Alors que le monde entier se tourne encore une fois vers les ressources de l'Arctique, les décisions de notre gouvernement ne sont pas sans affecter les Inuits.

La banquise du passage du Nord-Ouest se morcelle et le Canada est appelé à défendre sa souveraineté sur ce célèbre passage. Comme le savent les Inuits, la banquise, y compris les glaces de rive qui recouvrent en grande partie le passage, a procuré à plusieurs générations une plateforme stable pour la pratique de la chasse, un élément essentiel de notre culture. Ces glaces sont aussi notre meilleure défense contre les navires cherchant une voie plus rapide.

 

Le ralentissement du phénomène des changements climatiques serait la meilleure solution à long terme pour renforcer la souveraineté du Canada dans l'Arctique. Mais au lieu de s'attaquer vigoureusement au problème des changements climatiques et de faire preuve de leadership international sur la question, le Canada a décidé que la meilleure façon de défendre sa souveraineté contre les navires qui franchissent le passage, c'était de faire appel aux militaires et à une nouvelle flotte de brise-glaces armés.

Désormais, le Canada, un pays où règne la paix, «défendra» l'Arctique. Nous nous donnerons des airs et menacerons même les navires qui tenteront de se faufiler librement entre nos îles.

Le Canada devrait prendre une autre approche - une approche plus humaine fondée sur des principes. Comme le préconise mon bon ami Lloyd Axworthy, un grand Canadien, et comme je l'ai déjà suggéré, le Canada devrait faire preuve de leadership et adopter une approche axée sur la paix et sur la gestion coopérative de l'Arctique, peut-être par l'entremise de nouvelles institutions multilatérales ou par un plus grand rôle à être confié au Conseil de l'Arctique.

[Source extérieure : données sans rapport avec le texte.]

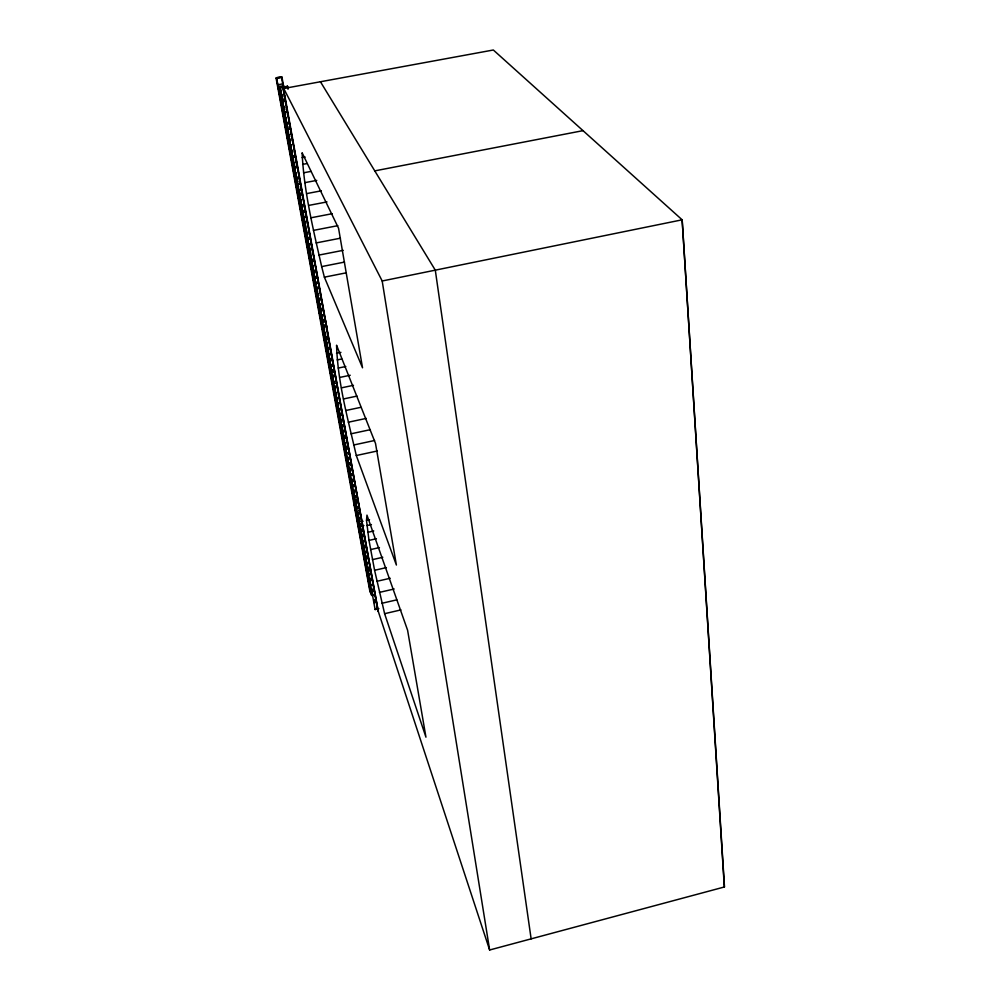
<?xml version="1.0" encoding="UTF-8"?>
<svg xmlns="http://www.w3.org/2000/svg" width="1000" height="1000" viewBox="0 0 1000 1000"><rect width="100%" height="100%" fill="white"/><g stroke="black" fill="none" stroke-linecap="round" stroke-linejoin="round"><path stroke-width="1.5" d="M366.5 520.35L366.962 515.125L407.587 630.2L425.95 737.175L384.613 613.688L374.588 570.288L368.988 540.4L366.5 520.35L369.525 519.675M280.475 90.45L280.5 89.637L280.6 91.375M283.113 104.8L283.512 102.625M284.538 109.488L284.45 107.325M285.688 118.088L285.788 119.787M293.4 161.513L293.45 159.137M293.3 160.7L293.337 159.913M297.225 177.45L297.562 180.575M297.4 177.475L297.512 179.412L297.087 177.275M298.275 187.938L298.412 186.4L298.3 187.162M300.725 201.388L300.725 200.55M302.175 204.675L302.512 207.738M302.362 204.688L302.462 206.6M303.1 210.375L303.738 216.988M305.575 227.95L305.712 226.45M307.962 241.062L308.113 239.575M309.462 244.662L309.525 246.663M310.375 253.337L310.512 252.675L310.425 254.85M312.413 259.137L312.512 261.188M312.688 266.975L312.688 266.15M314.175 271.725L314.212 270.763M314.387 270.738L314.488 272.587M315.025 278.95L315.1 280.538M315.025 279.775L315.163 278.3M317.488 291L317.425 293.212M317.337 292.462L317.375 291.737M319.637 304.25L319.9 306.525M319.637 305.05L319.775 303.6M321.2 309.113L321.5 311.975M321.375 310.025L321.413 309.188M321.575 317.825L322.45 315.262M324.263 330.712L324.4 329.288M326.413 337.463L326.438 336.475M326.5 343L326.5 342.2M328.263 348.212L328.312 347.388L328.4 350.125A15.188 1.037 78 0 1 328.375 349.5L328.075 347.688M330.487 359.525L330.387 361.45M330.925 366.475L331 367.987M333.113 378.475L333.188 379.963M335.288 390.363L335.363 391.85M337.438 402.95L337.438 402.175M339.575 413.888L339.637 415.35M341.4 420.3L341.388 419.387M341.688 425.513L341.938 427.638M343.475 431.838L343.525 431.075A4.088 1.812 -10.1 0 0 343.312 431.287L343.475 432.3M343.787 437.8L344.175 435.962M345.487 442.75L345.525 444.513M345.875 449.237L345.875 448.475M347.525 460.012L348.375 457.663M347.95 460.588L348.363 458.875M350 471.1L350.25 473.175M352.188 481.7L352.113 483.7M354.412 490.112L354.45 491.825M356.075 505.125L356.075 504.387M356.4 502.125L356.425 501.213M358.425 513.212L358.45 512.312M358.387 518.275L358.537 516.975M360.15 523.725L360.412 526.213M360.3 524.487L360.288 523.612M362.137 534.612L362.388 537.087M362.275 535.363L362.275 534.487M362.325 539.113L362.388 540.487M362.488 534.237L362.45 534.8A3.95 1.975 -10.5 0 0 362.15 535.075L362.463 537.062M362.325 539.85L362.475 538.55M364.1 545.425L364.35 547.875A14.162 0.912 77.5 0 0 364.538 548.45M364.25 546.163L364.237 545.3M364.275 549.775L364.5 551.763M366.012 556.95L366.062 556.15M366.2 556.875L366.25 556.163M366.2 561.087L366.2 560.363M370.025 582.025L370.025 581.3M371.5 591.75L372.312 589.575M372.463 589.763L371.975 592.987M372.5 589.837L372.438 590.625L372.175 589.812M374.338 601.05L374.363 600.188M283.137 103.987L283.288 103.263M285.462 116.8L286.413 122M285.725 118.15L285.837 117.375M288.4 131.412L288.55 134.625M290.562 144.75L290.7 148.35M290.938 145.338L290.875 147.725M295.575 172.237L295.475 174.862M300.5 199.262L300.4 201.85M300.763 200.625L300.875 199.862M303.188 213.962L303.337 213.287M307.575 239.725L308.412 237.925M312.462 264.887L312.362 267.362L313.625 269.713L313.225 269.075M312.725 266.238L312.838 265.5M319.413 302.975L319.3 305.4L320.725 308.05M322.15 316.9L322.262 319.8M322.038 317.625L322.388 316.375M324.288 330.012L324.438 329.375M328.5 353.125L328.6 356.287M328.862 353.762L328.8 355.9M328.75 354.475L329.113 353.263M330.525 358.775L330.5 361.15M330.538 365.938L330.988 364.65M330.962 366.575L331.075 365.863M333.15 378.562L333.25 377.85M335.312 390.462L335.425 389.762M339.613 413.988L339.712 413.288M341.475 424.263L341.35 426.512L342.7 428.938M341.725 425.613L341.838 424.913M343.562 430.375L343.413 432.925M343.825 437.137L344.487 435.625M345.913 448.587L346.262 447.413M349.625 470.525L350.425 468.938M350.15 470.525L350.075 472.525M352.075 482.388L352.425 481.238M354.212 492.8L354.137 494.775M356.112 504.487L356.213 503.812M360.513 527.8L360.85 530.925M364.312 549.888L364.412 549.225M366.25 560.475L366.15 556.725A3.912 2.013 -10.6 0 1 366.362 556.512M370.062 581.425L370.4 580.325M362.975 527.212L362.475 525.913M361.613 521.6L362.388 523.862M288.325 130.188L287.925 133.525L289.475 136.5M290.963 145.412L291.225 144.838M293.375 157.912L292.987 161.2L294.5 164.125M295.975 172.9L295.887 175.188M298.337 185.175L298.525 190.125M300.9 199.938L301.125 199.312M305.637 225.225L305.238 228.388L306.725 231.175M310.4 251.363L310.562 256.125M315.2 278.387L315.125 276.425M317.4 289.788L317 292.825L318.675 295.538L318.225 295.062M324.325 328.062L324.137 331.863M326.562 340.363L326.375 344.125M331.1 365.95L331.637 365M333.363 372.587L334.087 371.413M333.288 377.95L333.325 376.662A15.05 1.025 77.9 0 1 333.062 375.288L333.663 376M335.337 388.55L334.95 391.413L336.55 394.025M337.5 400.363L337.1 403.2L338.462 405.675M339.625 412.075L339.438 415.675M341.875 425.012L342.537 427.025M343.85 435.238L343.45 438.025M345.938 446.688L345.737 450.213M358.45 515.775L358.05 518.425L359.588 520.9M360.425 526.613L360.213 529.95M362.388 537.362L362.175 540.688M364.325 548.038L364.412 551.962M368.488 569.888L368.188 572.225M370.2 580.875L369.875 578.15M372.088 591.237L372.625 590.487M283.587 101.512L282.712 103.462L283.038 106.312M326.6 325.875L326.05 324.913M303.612 211.55L302.762 213.388L303.4 216.85M315.475 276.663L314.913 281M333.55 376.238L332.987 380.325M348.65 458.438L348.013 461.262M352.463 480.125L351.9 483.95M356.488 502.238L355.925 506.012M366.613 558.263L366.05 561.9M368.525 568.775L367.962 572.388M370.425 579.212L369.862 582.8M372.587 590.363L372.525 591.438M285.138 87.65L285.5 88.175L283.575 88.525L493.338 50L682.15 219.812L724.488 886.95L489.637 950L377.475 608.987L282.925 87.25L378.263 611.4L283.412 87.825M282 77.125L281.588 76.838A18.962 4.638 -9 0 0 276.062 77.825L281.975 77.213L283.913 87.963M325 319.413L325.725 321.25M376.962 608.325L375.125 609.538L378.875 608.663M326.7 326.112L326.775 326.775M279.988 87.525L287.587 86.412L279.988 87.525L375.125 609.538M384.613 613.688L400.938 609.9M379.425 592.388L394.175 588.987M382 603.263L396.788 599.85M376.925 581.3L390.2 578.263M372.137 585.163L369.462 585.775L370.962 591.287A13.562 0.825 77.4 0 1 371.375 593.575L371.675 595.425A3.8 2.025 -10.8 0 0 373.425 595.35M370.588 590.638A16 8.588 -10.8 0 0 369.837 590.862L371.675 595.425M372.438 559.637L382.788 557.288M374.588 570.288L386.388 567.6M370.562 549.587L379.45 547.575M363.913 525.588L359.913 526.05M366.925 525.575L371.438 524.562M367.762 532.325L373.738 530.975M368.988 540.4L376.425 538.725M370.662 592.325L276.55 78.125L355.737 510.288L354.913 508.925A16.462 8.075 -10.5 0 1 355.3 508.812M363.05 521.275L359.05 521.75M354.15 505.412L354.875 506.025M356.3 455.525L396.388 565.037L375.513 443.438L336.562 345.213C337.688 382.587 347.962 419.212 356.3 455.525L377.3 450.988M283.525 88.062L382.188 280.988L489.637 950M353.638 445.012L374.575 440.5M348.35 422.212L366.262 418.4M344.137 430.8L341.312 431.4L342.8 436.737A14.287 0.925 77.8 0 1 343.275 439.275L343.612 441.413A4 1.787 -10.2 0 0 344.338 441.413M350.962 433.812L370.375 429.663M345.863 410.487L360.788 407.337M341.463 387.837L353.475 385.312M343.537 398.938L357.013 396.1M339.675 377.45L350.225 375.25M336.512 353.275L340.925 352.362M337.163 359.925L341.737 358.988M338.225 368.062L345.812 366.5M382.188 280.988L682.15 219.812L724.338 887M329.137 348.3L326.225 348.9L327.713 354.125A14.725 0.975 78 0 1 328.2 356.812L328.575 359.1A4.112 1.65 -9.9 0 0 330.475 358.975M325.163 319.375L322.262 319.613L322.55 320.45M326.213 324.888L323.325 325.125M318.825 311.675L320.988 317.288A14.938 1 78.1 0 1 321.488 320.05L321.875 322.4A4.162 1.587 -9.7 0 0 323.4 322.325M321.662 266.6L324.375 277.162L362.525 367.8L338.55 228.238L302.113 152.75C303.913 191.287 313.175 229.088 321.662 266.6L344.5 262.087M324.375 277.162L345.763 272.925M318.9 255.087L343.212 250.325M313.175 260.262L310.188 260.85L311.663 265.938A15.237 1.025 78.2 0 1 312.188 268.788L312.587 271.238A4.237 1.487 -9.6 0 0 314.538 271.1M316.15 242.925L340.45 238.188M374.775 170.875L583.013 130.65M310.963 217.787L332.287 213.688M313.475 230.387L337.8 225.675M308.65 205.425L327 201.925M298.062 181.525L295.763 181.962L297.225 186.912A15.75 1.075 78.4 0 1 297.775 189.913L298.212 192.525A4.338 1.325 -9.3 0 0 299.387 192.463M304.9 182.638L316.75 180.4M306.613 193.612L321.35 190.812M302.613 164.375L307.125 163.538M295.6 167.987L293.288 168.425L294.75 173.363A15.838 1.075 78.4 0 1 295.3 176.388L295.738 179.025A4.363 1.3 -9.3 0 0 297.325 178.912M303.55 172.8L311.012 171.4M302.125 157.625L305.163 157.062M290.613 140.575L288.275 141.012L289.738 145.887A16.038 1.087 78.5 0 1 290.3 148.963L290.738 151.662A4.4 1.25 -9.2 0 0 292.337 151.55A16.475 1.163 78.5 0 0 292.512 152.35M285.538 112.688L283.175 113.125L284.637 117.95A16.225 1.1 78.6 0 1 285.2 121.075L285.663 123.825A4.438 1.188 -9.1 0 0 287.688 123.65M288.087 126.7L285.738 127.125L287.2 131.988A16.125 1.1 78.5 0 1 287.762 135.087L288.212 137.8A4.412 1.212 -9.2 0 0 289.4 137.738M282.962 98.575L280.587 99L282.05 103.8A16.337 1.113 78.6 0 1 282.625 106.95L283.087 109.738A4.45 1.15 -9.1 0 0 284.7 109.612M276.863 78.562L281.5 77.287M285.075 87.537L284.837 86.9M373.7 594.775L372.812 594.6M355.725 496.8L354.212 495.688M353.713 485.737L352.2 484.613M351.688 474.588L350.55 474M349.637 463.363L348.113 462.212M332.225 370.2L331.512 369.663M287.725 122.812L287.238 123.375A16.688 1.175 78.6 0 0 287.512 124.938M354.137 505.375L354.062 504.675A16.488 8.05 -10.4 0 1 354.45 504.562M317.725 306.2L317.712 305.65A17.637 6.6 -9.7 0 1 318.125 305.55M369.038 573.875L369.675 574.275M366.012 551.337L367.025 551.75M364.05 540.55L365.075 540.962M362.062 529.675L363.1 530.1M357.038 507.575L357.675 507.95M355.037 496.6L355.675 496.962M353.663 485.887L352.238 484.225M350.988 474.387L351.637 474.738M348.938 463.162L349.588 463.5M347.438 448.812L348.512 449.275M345.337 437.225L346.4 437.7M343.212 425.55L344.288 426.025M341.075 413.775L342.15 414.263M331.975 370.087L332.638 370.387M332.337 365.75L333.438 366.25M330.112 353.5L331.213 354.012M323.088 321.3L323.713 321.475M363.025 527.312L363.25 528.175M316.637 283.087L315.238 281.762M316.262 277.038L317.4 277.587M309.125 237.763L310.275 238.337M304.262 211.025L305.425 211.612M302.575 204.887L302.4 206.612A16.087 1.125 78.4 0 0 302.538 207.338M299.312 183.837L300.5 184.438M297.512 178.025L296.05 176.588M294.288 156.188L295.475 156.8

Je crois que nous devons déployer de grands efforts afin d'éviter de créer une autre région où pourraient s'établir des relations tendues entre les pays, imbues de peur et de conflits. L'Arctique est l'un des derniers lieux au monde où règne la paix dans un environnement d'une grande pureté. Nous devons tous nous rendre compte que des communautés humaines florissantes auront une voix plus forte que toutes les flottes de brise-glaces et que toutes les casernes remplies de soldats pour assurer notre souveraineté dans l'Arctique. (...)

Prenant conscience de l'importance de l'Arctique pour la planète tout entière et du rôle historique d'intendants environnementaux des peuples autochtones dans les écosystèmes de l'Arctique, il faut songer à élaborer un traité sur l'Arctique qui donnerait aux peuples autochtones une fonction d'intendance environnementale de l'Arctique pour le bien de l'humanité, et ce, avec un modèle de cogestion. (...)

Je ne propose pas de freiner le développement économique dans l'Arctique ou ailleurs dans le monde. Plutôt, nous devons reprendre un contrôle véritable sur le développement en insistant pour que chaque occasion, chaque programme soit analysé systématiquement selon ses impacts: les émissions de gaz à effet de serre, les cycles non renouvelables qu'ils pourraient entraîner et les effets à long terme sur notre paysage fragile et sur la santé de nos gens.

Lorsque nous prenons des décisions en matière de notre développement, nous devrions toujours considérer toutes les incidences de nos actions, non seulement pour nous-mêmes et pour les générations futures, mais pour tous ceux aussi auxquels nous sommes unis, que ce soit par la voie de l'eau ou par la voix des airs.

L'auteure a été candidate au prix Nobel de la paix 2007 et présidente internationale du Conseil circumpolaire inuit. Ce texte est extrait de la 9e Conférence LaFontaine-Baldwin, qu'elle a prononcée vendredi à Iqaluit. La Conférence LaFontaine-Baldwin, présidée par John Ralston Saul, est un partenariat de l'Institut de la citoyenneté canadienne et de l'Institut du Dominion.